Jenga, but it’s just me, pulling salad out of my sandwich.
Her: My husband is having an affair!
Me: Really? Who’s catering?
[playing 7 minutes in heaven]
doctor: ok lol plug him back in now
No thanks, 28 yr old hitting on me at the bar… With our age difference, I wouldn’t be a cougar… more like a saber-toothed tiger.
I remember one time I caught my ex talking to some dude in an indie band and was telling him she’s sad and she said something along the lines of “my boyfriend is a musician (me) and hasn’t once made a song about me or how he loves me” like bro I play the drums wtf lol
You can tell an awful lot about a person by the way they boil their underpants.
When you die, you walk down a tunnel of light and then that sentient paperclip from MS Word pops up and asks you what you want to do next.
My Sherpa girlfriend is too high-mountainance.
I love lying on surveys. Your company is about to shit the bed so hard on its next marketing campaign
People keep telling me I behave like a man so I’m currently working up the courage to tell my husband he’s gay.
Some of these captcha tests are hard sha.

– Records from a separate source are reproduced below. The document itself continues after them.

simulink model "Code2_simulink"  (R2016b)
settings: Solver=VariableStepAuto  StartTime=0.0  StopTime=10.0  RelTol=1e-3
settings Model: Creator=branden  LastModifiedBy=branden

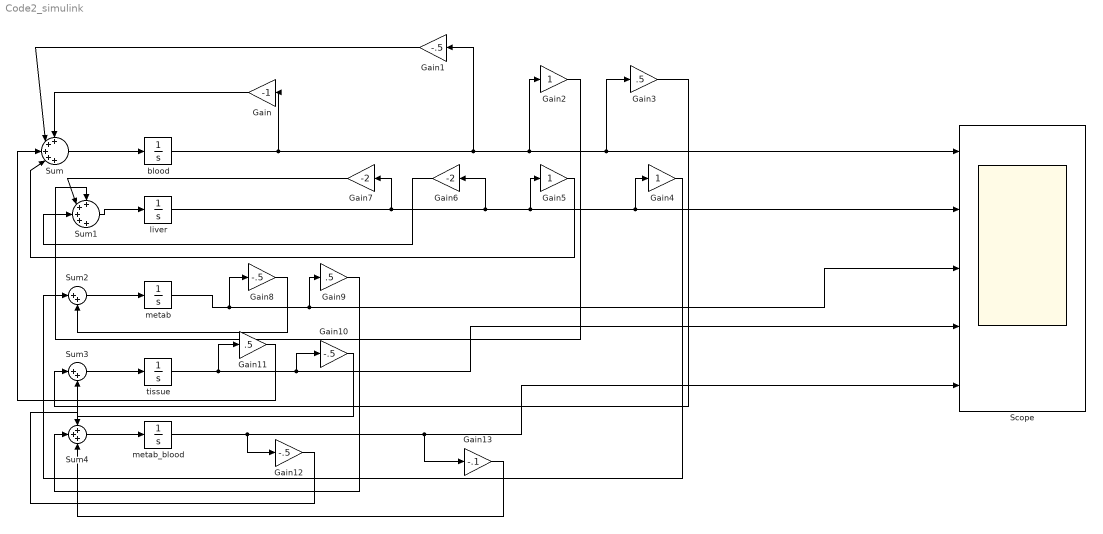
== system Code2_simulink ==
  Gain : Gain  Gain=-1
  Gain{1,8,10,12} (4 alike) : Gain  Gain=-.5
  Gain11 : Gain  Gain=.5
  Gain13 : Gain  Gain=-.1
  Gain2 : Gain
  Gain3 : Gain  Gain=.5
  Gain4 : Gain
  Gain5 : Gain
  Gain6 : Gain  Gain=-2
  Gain7 : Gain  Gain=-2
  Gain9 : Gain  Gain=.5
  Scope : Scope  NumInputPorts=5
  Sum : Sum  Inputs=+++++
  Sum1 : Sum  Inputs=+++++
  Sum2 : Sum  Inputs=|++
  Sum3 : Sum  Inputs=|++
  Sum4 : Sum  Inputs=+++
  blood : Integrator  InitialCondition=1000
  liver : Integrator
  "metab " : Integrator
  "metab_blood " : Integrator
  tissue : Integrator
  wires:
  blood/1 -> Gain/1, Gain1/1, Gain2/1, Gain3/1, Scope/1
  liver/1 -> Gain7/1, Gain6/1, Gain5/1, Gain4/1, Scope/2
  Gain/1 -> Sum/1
  Gain1/1 -> Sum/2
  Sum/1 -> blood/1
  Sum1/1 -> liver/1
  Sum2/1 -> "metab "/1
  Sum3/1 -> tissue/1
  Sum4/1 -> "metab_blood "/1
  Gain2/1 -> Sum1/1
  Gain3/1 -> Sum3/1
  Gain7/1 -> Sum1/2
  Gain6/1 -> Sum1/3
  Gain5/1 -> Sum/4
  Gain4/1 -> Sum2/1
  "metab "/1 -> Gain8/1, Gain9/1, Scope/3
  Gain8/1 -> Sum2/2
  Gain9/1 -> Sum4/2
  tissue/1 -> Gain11/1, Gain10/1, Scope/4
  Gain11/1 -> Sum/3
  Gain10/1 -> Sum3/2
  "metab_blood "/1 -> Gain12/1, Gain13/1, Scope/5
  Gain12/1 -> Sum4/1
  Gain13/1 -> Sum4/3
simulink model "model"  (R2014a)
(part 5 of 6)

  bus544 : powerlib/Measurements/Load Flow Bus  LConnTagsString=a  ID=bus544  Vbase=132000  Vref=1  Vangle=0  VLF=1  angleLF=0
      settings: AttributesFormatString=|
      | %<ID>
      | %<Vbase>V
      | %<VLF>pu
      | %<angleLF>deg.
      | %<Name>
  bus545 : powerlib/Measurements/Load Flow Bus  LConnTagsString=a  ID=bus545  Vbase=132000  Vref=1  Vangle=0  VLF=1  angleLF=0
      settings: AttributesFormatString=|
      | %<ID>
      | %<Vbase>V
      | %<VLF>pu
      | %<angleLF>deg.
      | %<Name>
  bus546 : powerlib/Measurements/Load Flow Bus  LConnTagsString=a  ID=bus546  Vbase=132000  Vref=1  Vangle=0  VLF=1  angleLF=0
      settings: AttributesFormatString=|
      | %<ID>
      | %<Vbase>V
      | %<VLF>pu
      | %<angleLF>deg.
      | %<Name>
  bus547 : powerlib/Measurements/Load Flow Bus  LConnTagsString=a  ID=bus547  Vbase=132000  Vref=1  Vangle=0  VLF=1  angleLF=0
      settings: AttributesFormatString=|
      | %<ID>
      | %<Vbase>V
      | %<VLF>pu
      | %<angleLF>deg.
      | %<Name>
  bus548 : powerlib/Measurements/Load Flow Bus  LConnTagsString=a  ID=bus548  Vbase=132000  Vref=1  Vangle=0  VLF=1  angleLF=0
      settings: AttributesFormatString=|
      | %<ID>
      | %<Vbase>V
      | %<VLF>pu
      | %<angleLF>deg.
      | %<Name>
  bus549 : powerlib/Measurements/Load Flow Bus  LConnTagsString=a  ID=bus549  Vbase=132000  Vref=1  Vangle=0  VLF=1  angleLF=0
      settings: AttributesFormatString=|
      | %<ID>
      | %<Vbase>V
      | %<VLF>pu
      | %<angleLF>deg.
      | %<Name>
  bus55 : powerlib/Measurements/Load Flow Bus  LConnTagsString=a  ID=bus55  Vbase=132000  Vref=1  Vangle=0  VLF=1  angleLF=0
      settings: AttributesFormatString=|
      | %<ID>
      | %<Vbase>V
      | %<VLF>pu
      | %<angleLF>deg.
      | %<Name>
  bus550 : powerlib/Measurements/Load Flow Bus  LConnTagsString=a  ID=bus550  Vbase=132000  Vref=1  Vangle=0  VLF=1  angleLF=0
      settings: AttributesFormatString=|
      | %<ID>
      | %<Vbase>V
      | %<VLF>pu
      | %<angleLF>deg.
      | %<Name>
  bus551 : powerlib/Measurements/Load Flow Bus  LConnTagsString=a  ID=bus551  Vbase=132000  Vref=1  Vangle=0  VLF=1  angleLF=0
      settings: AttributesFormatString=|
      | %<ID>
      | %<Vbase>V
      | %<VLF>pu
      | %<angleLF>deg.
      | %<Name>
  bus552 : powerlib/Measurements/Load Flow Bus  LConnTagsString=a  ID=bus552  Vbase=132000  Vref=1  Vangle=0  VLF=1  angleLF=0
      settings: AttributesFormatString=|
      | %<ID>
      | %<Vbase>V
      | %<VLF>pu
      | %<angleLF>deg.
      | %<Name>
  bus553 : powerlib/Measurements/Load Flow Bus  LConnTagsString=a  ID=bus553  Vbase=132000  Vref=1  Vangle=0  VLF=1  angleLF=0
      settings: AttributesFormatString=|
      | %<ID>
      | %<Vbase>V
      | %<VLF>pu
      | %<angleLF>deg.
      | %<Name>
  bus554 : powerlib/Measurements/Load Flow Bus  LConnTagsString=a  ID=bus554  Vbase=132000  Vref=1  Vangle=0  VLF=1  angleLF=0
      settings: AttributesFormatString=|
      | %<ID>
      | %<Vbase>V
      | %<VLF>pu
      | %<angleLF>deg.
      | %<Name>
  bus555 : powerlib/Measurements/Load Flow Bus  LConnTagsString=a  ID=bus555  Vbase=132000  Vref=1  Vangle=0  VLF=1  angleLF=0
      settings: AttributesFormatString=|
      | %<ID>
      | %<Vbase>V
      | %<VLF>pu
      | %<angleLF>deg.
      | %<Name>
  bus556 : powerlib/Measurements/Load Flow Bus  LConnTagsString=a  ID=bus556  Vbase=220000  Vref=1  Vangle=0  VLF=1  angleLF=0
      settings: AttributesFormatString=|
      | %<ID>
      | %<Vbase>V
      | %<VLF>pu
      | %<angleLF>deg.
      | %<Name>
  bus557 : powerlib/Measurements/Load Flow Bus  LConnTagsString=a  ID=bus557  Vbase=220000  Vref=1  Vangle=0  VLF=1  angleLF=0
      settings: AttributesFormatString=|
      | %<ID>
      | %<Vbase>V
      | %<VLF>pu
      | %<angleLF>deg.
      | %<Name>
  bus558 : powerlib/Measurements/Load Flow Bus  LConnTagsString=a  ID=bus558  Vbase=220000  Vref=1  Vangle=0  VLF=1  angleLF=0
      settings: AttributesFormatString=|
      | %<ID>
      | %<Vbase>V
      | %<VLF>pu
      | %<angleLF>deg.
      | %<Name>
  bus559 : powerlib/Measurements/Load Flow Bus  LConnTagsString=a  ID=bus559  Vbase=220000  Vref=1  Vangle=0  VLF=1  angleLF=0
      settings: AttributesFormatString=|
      | %<ID>
      | %<Vbase>V
      | %<VLF>pu
      | %<angleLF>deg.
      | %<Name>
  bus56 : powerlib/Measurements/Load Flow Bus  LConnTagsString=a  ID=bus56  Vbase=132000  Vref=1  Vangle=0  VLF=1  angleLF=0
      settings: AttributesFormatString=|
      | %<ID>
      | %<Vbase>V
      | %<VLF>pu
      | %<angleLF>deg.
      | %<Name>
  bus560 : powerlib/Measurements/Load Flow Bus  LConnTagsString=a  ID=bus560  Vbase=220000  Vref=1  Vangle=0  VLF=1  angleLF=0
      settings: AttributesFormatString=|
      | %<ID>
      | %<Vbase>V
      | %<VLF>pu
      | %<angleLF>deg.
      | %<Name>
  bus561 : powerlib/Measurements/Load Flow Bus  LConnTagsString=a  ID=bus561  Vbase=220000  Vref=1  Vangle=0  VLF=1  angleLF=0
      settings: AttributesFormatString=|
      | %<ID>
      | %<Vbase>V
      | %<VLF>pu
      | %<angleLF>deg.
      | %<Name>
  bus562 : powerlib/Measurements/Load Flow Bus  LConnTagsString=a  ID=bus562  Vbase=220000  Vref=1  Vangle=0  VLF=1  angleLF=0
      settings: AttributesFormatString=|
      | %<ID>
      | %<Vbase>V
      | %<VLF>pu
      | %<angleLF>deg.
      | %<Name>
  bus563 : powerlib/Measurements/Load Flow Bus  LConnTagsString=a  ID=bus563  Vbase=220000  Vref=1  Vangle=0  VLF=1  angleLF=0
      settings: AttributesFormatString=|
      | %<ID>
      | %<Vbase>V
      | %<VLF>pu
      | %<angleLF>deg.
      | %<Name>
  bus564 : powerlib/Measurements/Load Flow Bus  LConnTagsString=a  ID=bus564  Vbase=220000  Vref=1  Vangle=0  VLF=1  angleLF=0
      settings: AttributesFormatString=|
      | %<ID>
      | %<Vbase>V
      | %<VLF>pu
      | %<angleLF>deg.
      | %<Name>
  bus565 : powerlib/Measurements/Load Flow Bus  LConnTagsString=a  ID=bus565  Vbase=220000  Vref=1  Vangle=0  VLF=1  angleLF=0
      settings: AttributesFormatString=|
      | %<ID>
      | %<Vbase>V
      | %<VLF>pu
      | %<angleLF>deg.
      | %<Name>
  bus566 : powerlib/Measurements/Load Flow Bus  LConnTagsString=a  ID=bus566  Vbase=220000  Vref=1  Vangle=0  VLF=1  angleLF=0
      settings: AttributesFormatString=|
      | %<ID>
      | %<Vbase>V
      | %<VLF>pu
      | %<angleLF>deg.
      | %<Name>
  bus567 : powerlib/Measurements/Load Flow Bus  LConnTagsString=a  ID=bus567  Vbase=220000  Vref=1  Vangle=0  VLF=1  angleLF=0
      settings: AttributesFormatString=|
      | %<ID>
      | %<Vbase>V
      | %<VLF>pu
      | %<angleLF>deg.
      | %<Name>
  bus568 : powerlib/Measurements/Load Flow Bus  LConnTagsString=a  ID=bus568  Vbase=220000  Vref=1  Vangle=0  VLF=1  angleLF=0
      settings: AttributesFormatString=|
      | %<ID>
      | %<Vbase>V
      | %<VLF>pu
      | %<angleLF>deg.
      | %<Name>
  bus569 : powerlib/Measurements/Load Flow Bus  LConnTagsString=a  ID=bus569  Vbase=220000  Vref=1  Vangle=0  VLF=1  angleLF=0
      settings: AttributesFormatString=|
      | %<ID>
      | %<Vbase>V
      | %<VLF>pu
      | %<angleLF>deg.
      | %<Name>
  bus57 : powerlib/Measurements/Load Flow Bus  LConnTagsString=a  ID=bus57  Vbase=132000  Vref=1  Vangle=0  VLF=1  angleLF=0
      settings: AttributesFormatString=|
      | %<ID>
      | %<Vbase>V
      | %<VLF>pu
      | %<angleLF>deg.
      | %<Name>
  bus570 : powerlib/Measurements/Load Flow Bus  LConnTagsString=a  ID=bus570  Vbase=220000  Vref=1  Vangle=0  VLF=1  angleLF=0
      settings: AttributesFormatString=|
      | %<ID>
      | %<Vbase>V
      | %<VLF>pu
      | %<angleLF>deg.
      | %<Name>
  bus571 : powerlib/Measurements/Load Flow Bus  LConnTagsString=a  ID=bus571  Vbase=220000  Vref=1  Vangle=0  VLF=1  angleLF=0
      settings: AttributesFormatString=|
      | %<ID>
      | %<Vbase>V
      | %<VLF>pu
      | %<angleLF>deg.
      | %<Name>
  bus572 : powerlib/Measurements/Load Flow Bus  LConnTagsString=a  ID=bus572  Vbase=220000  Vref=1  Vangle=0  VLF=1  angleLF=0
      settings: AttributesFormatString=|
      | %<ID>
      | %<Vbase>V
      | %<VLF>pu
      | %<angleLF>deg.
      | %<Name>
  bus573 : powerlib/Measurements/Load Flow Bus  LConnTagsString=a  ID=bus573  Vbase=220000  Vref=1  Vangle=0  VLF=1  angleLF=0
      settings: AttributesFormatString=|
      | %<ID>
      | %<Vbase>V
      | %<VLF>pu
      | %<angleLF>deg.
      | %<Name>
  bus574 : powerlib/Measurements/Load Flow Bus  LConnTagsString=a  ID=bus574  Vbase=220000  Vref=1  Vangle=0  VLF=1  angleLF=0
      settings: AttributesFormatString=|
      | %<ID>
      | %<Vbase>V
      | %<VLF>pu
      | %<angleLF>deg.
      | %<Name>
  bus575 : powerlib/Measurements/Load Flow Bus  LConnTagsString=a  ID=bus575  Vbase=220000  Vref=1  Vangle=0  VLF=1  angleLF=0
      settings: AttributesFormatString=|
      | %<ID>
      | %<Vbase>V
      | %<VLF>pu
      | %<angleLF>deg.
      | %<Name>
  bus576 : powerlib/Measurements/Load Flow Bus  LConnTagsString=a  ID=bus576  Vbase=220000  Vref=1  Vangle=0  VLF=1  angleLF=0
      settings: AttributesFormatString=|
      | %<ID>
      | %<Vbase>V
      | %<VLF>pu
      | %<angleLF>deg.
      | %<Name>
  bus577 : powerlib/Measurements/Load Flow Bus  LConnTagsString=a  ID=bus577  Vbase=220000  Vref=1  Vangle=0  VLF=1  angleLF=0
      settings: AttributesFormatString=|
      | %<ID>
      | %<Vbase>V
      | %<VLF>pu
      | %<angleLF>deg.
      | %<Name>
  bus578 : powerlib/Measurements/Load Flow Bus  LConnTagsString=a  ID=bus578  Vbase=220000  Vref=1  Vangle=0  VLF=1  angleLF=0
      settings: AttributesFormatString=|
      | %<ID>
      | %<Vbase>V
      | %<VLF>pu
      | %<angleLF>deg.
      | %<Name>
  bus579 : powerlib/Measurements/Load Flow Bus  LConnTagsString=a  ID=bus579  Vbase=220000  Vref=1  Vangle=0  VLF=1  angleLF=0
      settings: AttributesFormatString=|
      | %<ID>
      | %<Vbase>V
      | %<VLF>pu
      | %<angleLF>deg.
      | %<Name>
  bus58 : powerlib/Measurements/Load Flow Bus  LConnTagsString=a  ID=bus58  Vbase=132000  Vref=1  Vangle=0  VLF=1  angleLF=0
      settings: AttributesFormatString=|
      | %<ID>
      | %<Vbase>V
      | %<VLF>pu
      | %<angleLF>deg.
      | %<Name>
  bus580 : powerlib/Measurements/Load Flow Bus  LConnTagsString=a  ID=bus580  Vbase=220000  Vref=1  Vangle=0  VLF=1  angleLF=0
      settings: AttributesFormatString=|
      | %<ID>
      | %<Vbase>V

Maybe I’m a robot?
Some people wake up in the morning & are all like “omg I’m the luckiest person in the world” and I wake up all like “oh my god”
Can’t afford a deep tissue massage? Try sleeping with a toddler
Start out each day with a healthy serving of ants. Which is no ants. Don’t put ants in your mouth
Harmonicas are basically for people who like to hear music while they spit.
When a comedian knocks someone up, is it called kidding?
Just passed a guy on the street and said “what’s up?” and he replied “how’s it going?” and then we moved on, feeling cordial but in retrospect leaving both questions unanswered
My teachers always told me drugs were never the answer, but they also told me Pluto was a planet, so now I don’t know what to think.
I’m 99% sure the plane Harrison Ford was in is from the Amelia Earhart exhibit at the Smithsonian.